Banana Bread

Dairy-free, Gluten-free, Low-FODMAP, Paleo, Vegetarian

I love plain banana bread. But I also love sprucing it up to include all sorts of tasty add-ins! This recipe is great for either option. The loaf in the photos contains both chocolate chips and blueberries and is delectable. Banana bread is great with your morning coffee or tea. Try topping a plain banana bread slice with cream cheese or vegan cream cheese!

Makes 1 loaf
Prep Time: 15 minutes | Cook Time: 40 minutes
Equipment: Mixing bowls, hand mixer, 9×4 inch bread pan, cooling wire rack

  1. Preheat the oven to 350°F (175°C). Cut a rectangle of parchment paper to fit in the bottom of the bread pan. Using a hand mixer beat the eggs, vanilla, and vinegar together on high in a large bowl for 30 seconds until light and frothy.
  • 4 eggs
  • 1 tsp vanilla extract
  • 1/2 tsp apple cider vinegar
  1. Add the dry ingredients to a small bowl. While mixing on medium speed, add them to the wet ingredients and mix until the batter is fully-combined and smooth.
  • 1/2 cup coconut flour, sifted
  • 1/4 cup almond flour, sifted
  • 1 tsp baking soda
  • 1/2 tsp salt
  1. The the same bowl used for the dry ingredients, break the bananas into small pieces. Pour the coconut milk over the top and mash with the back of a fork until it resembles baby food. Slowly add the banana mixture to the wet ingredients. Continue to beat on medium until fully incorporated. Finally, stir in any add-ins that you want by hand.
  • 3 large ripe bananas
  • 1/4 cup coconut milk
  • Add-ins:
    • 1/3 cup chocolate chips
    • 1/2 cup blueberries
    • 1/3 cup walnuts, chopped
  1. Scoop the batter into the bread pan and smooth out the top. Bake for approximately 40 minutes until firm and golden brown on top. Insert a toothpick into the center of the loaf to ensure it has baked through. Remove from the oven and allow to cool on the wire rack for 15 minutes. Slide a butter knife around the edges of the loaf to loosen it, then remove the loaf from the pan and allow it to cool completely on the wire rack.
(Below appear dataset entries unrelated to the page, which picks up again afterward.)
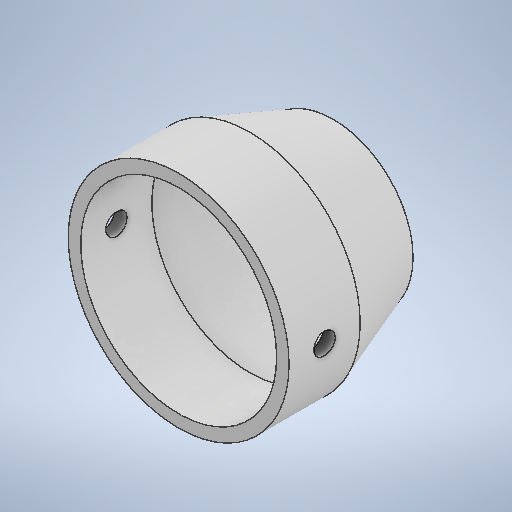
# Autodesk Inventor part: NOZZLE-ELIPTICO
Saved by Autodesk Inventor 2025.3 (Build 293356030, 356C)
## iProperties
Created: 2026-04-22
Part Number: NOZZLE-ELIPTICO
Material: Generic
Document SubType Name: Modeling
Designer: lstk1ng
Density: 1 g/cm^3
Appearance: Default
Author: lstk1ng
Autodesk Inventor part; units mm, degrees
ref_plane "YZ Plane" through (0, 0, 0) normal (1, 0, 0) x (0, 1, 0)
ref_plane "XZ Plane" through (0, 0, 0) normal (0, 1, 0) x (-1, 0, 0)
ref_plane "XY Plane" through (0, 0, 0) normal (0, 0, 1) x (1, 0, 0)
sketch "Sketch1" plane through (0, 0, 0) normal (0, 1, 0) x (-1, 0, 0)
  line L0 (-27.55, 40) -> (-27.55, 20)
  line L1 (-27.55, 20) -> (-20, 0)
  line L2 (0, 0) -> (0, 34.8486) construction
  line L3 (-20, 0) -> (0, 0)
  line L4 (0, -3.5) -> (-22.4198, -3.5)
  line L5 (-22.4198, -3.5) -> (-31.05, 20)
  line L6 (-31.05, 20) -> (-31.05, 40)
  line L7 (0, -3.5) -> (0, 0)
  line L8 (-27.55, 40) -> (-31.05, 40)
  dimension "d17" = 55.1
  dimension "d19" = 20
  dimension "d32" = 40
  dimension "d37" = 20
  constraints: 18 end point, 3 vertical, 2 horizontal
  measures "d17" diameter of L0 L2
  measures "d19" distance of L2.start L1.end
  measures "d32" distance from line of L3 L0.start
  measures "d37" distance of L5.end L6.end
revolve "Revolution1" add sketch "Sketch1" angle 360 about axis through (0, 0, 0) along (0, 0, 1)
sketch "Sketch5" plane through (0, 0, 0) normal (1, 0, 0) x (0, 1, 0)
  line L0 (27.55, 40) -> (-27.55, 40) projected
  line L1 (0, 40) -> (0, 30) construction
  circle A0 centre (0, 30) radius 3
  point P0 (0, 0)
  dimension "d27" = 10
  dimension "d28" = 6
  constraints: 2 end point, 1 centre point, 1 coincident, 1 midpoint, 1 vertical
  measures "d27" distance of L1.start L1.end
  measures "d28" diameter of A0
extrude "Extrusion4" cut sketch "Sketch5" along normal through all both and the other way through all
sketch "Sketch6" plane through (0, 0, -3.5) normal (0, 0, -1) x (-1, 0, 0)
  ellipse E0 centre (0, 0) end of major axis (-15, 0) minor radius 12.5
  dimension "d33" = 12.5
  dimension "d34" = 15
  constraints: 1 coincident, 2 other
extrude "Extrusion5" cut sketch "Sketch6" against normal blind 10
body "Solid1"
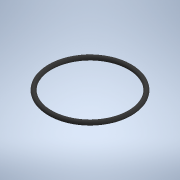
# Autodesk Inventor part: Oring 2-026
Saved by Autodesk Inventor 2020 (Build 240168000, 168)
## iProperties
Created: 2020-06-24
Part Number: Oring 2-026
Material: Rubber
Document SubType Name: Modeling
Designer: Juan
Density: 0.93 g/cm^3
Appearance: Rubber - Black
Author: Juan
Autodesk Inventor part; units mm, degrees
ref_plane "YZ Plane" through (0, 0, 0) normal (1, 0, 0) x (0, 1, 0)
ref_plane "XZ Plane" through (0, 0, 0) normal (0, 1, 0) x (-1, 0, 0)
ref_plane "XY Plane" through (0, 0, 0) normal (0, 0, 1) x (1, 0, 0)
sketch "Sketch1" plane through (0, 0, 0) normal (1, 0, 0) x (0, 1, 0)
  circle A0 centre (0, 16.625) radius 0.89
  line L0 (0, 0) -> (2.0755, 0)
  dimension "d0" = 1.78
  dimension "d1" = 16.625
  constraints: 2 end point, 1 centre point, 1 horizontal
  measures "d0" diameter of A0
  measures "d1" distance of L0.start A0.centre
revolve "Revolution1" add sketch "Sketch1" angle 360 about axis through (0, 0, 0) along (0, 1, 0)
body "Solid1"

Note: If the batter is too soupy, i.e. it pours rather than scoops into the bread pan, add an additional tablespoon of coconut flour at a time until thicker. This is important: if the batter is too wet then the center of the loaf will be too moist when the top is brown and done. And no one wants a burnt, soggy loaf!  

Tip: I’m currently working on a vegan banana bread recipe, so hang tight if that’s for you! I’ll update this post with a link to that recipe with its complete.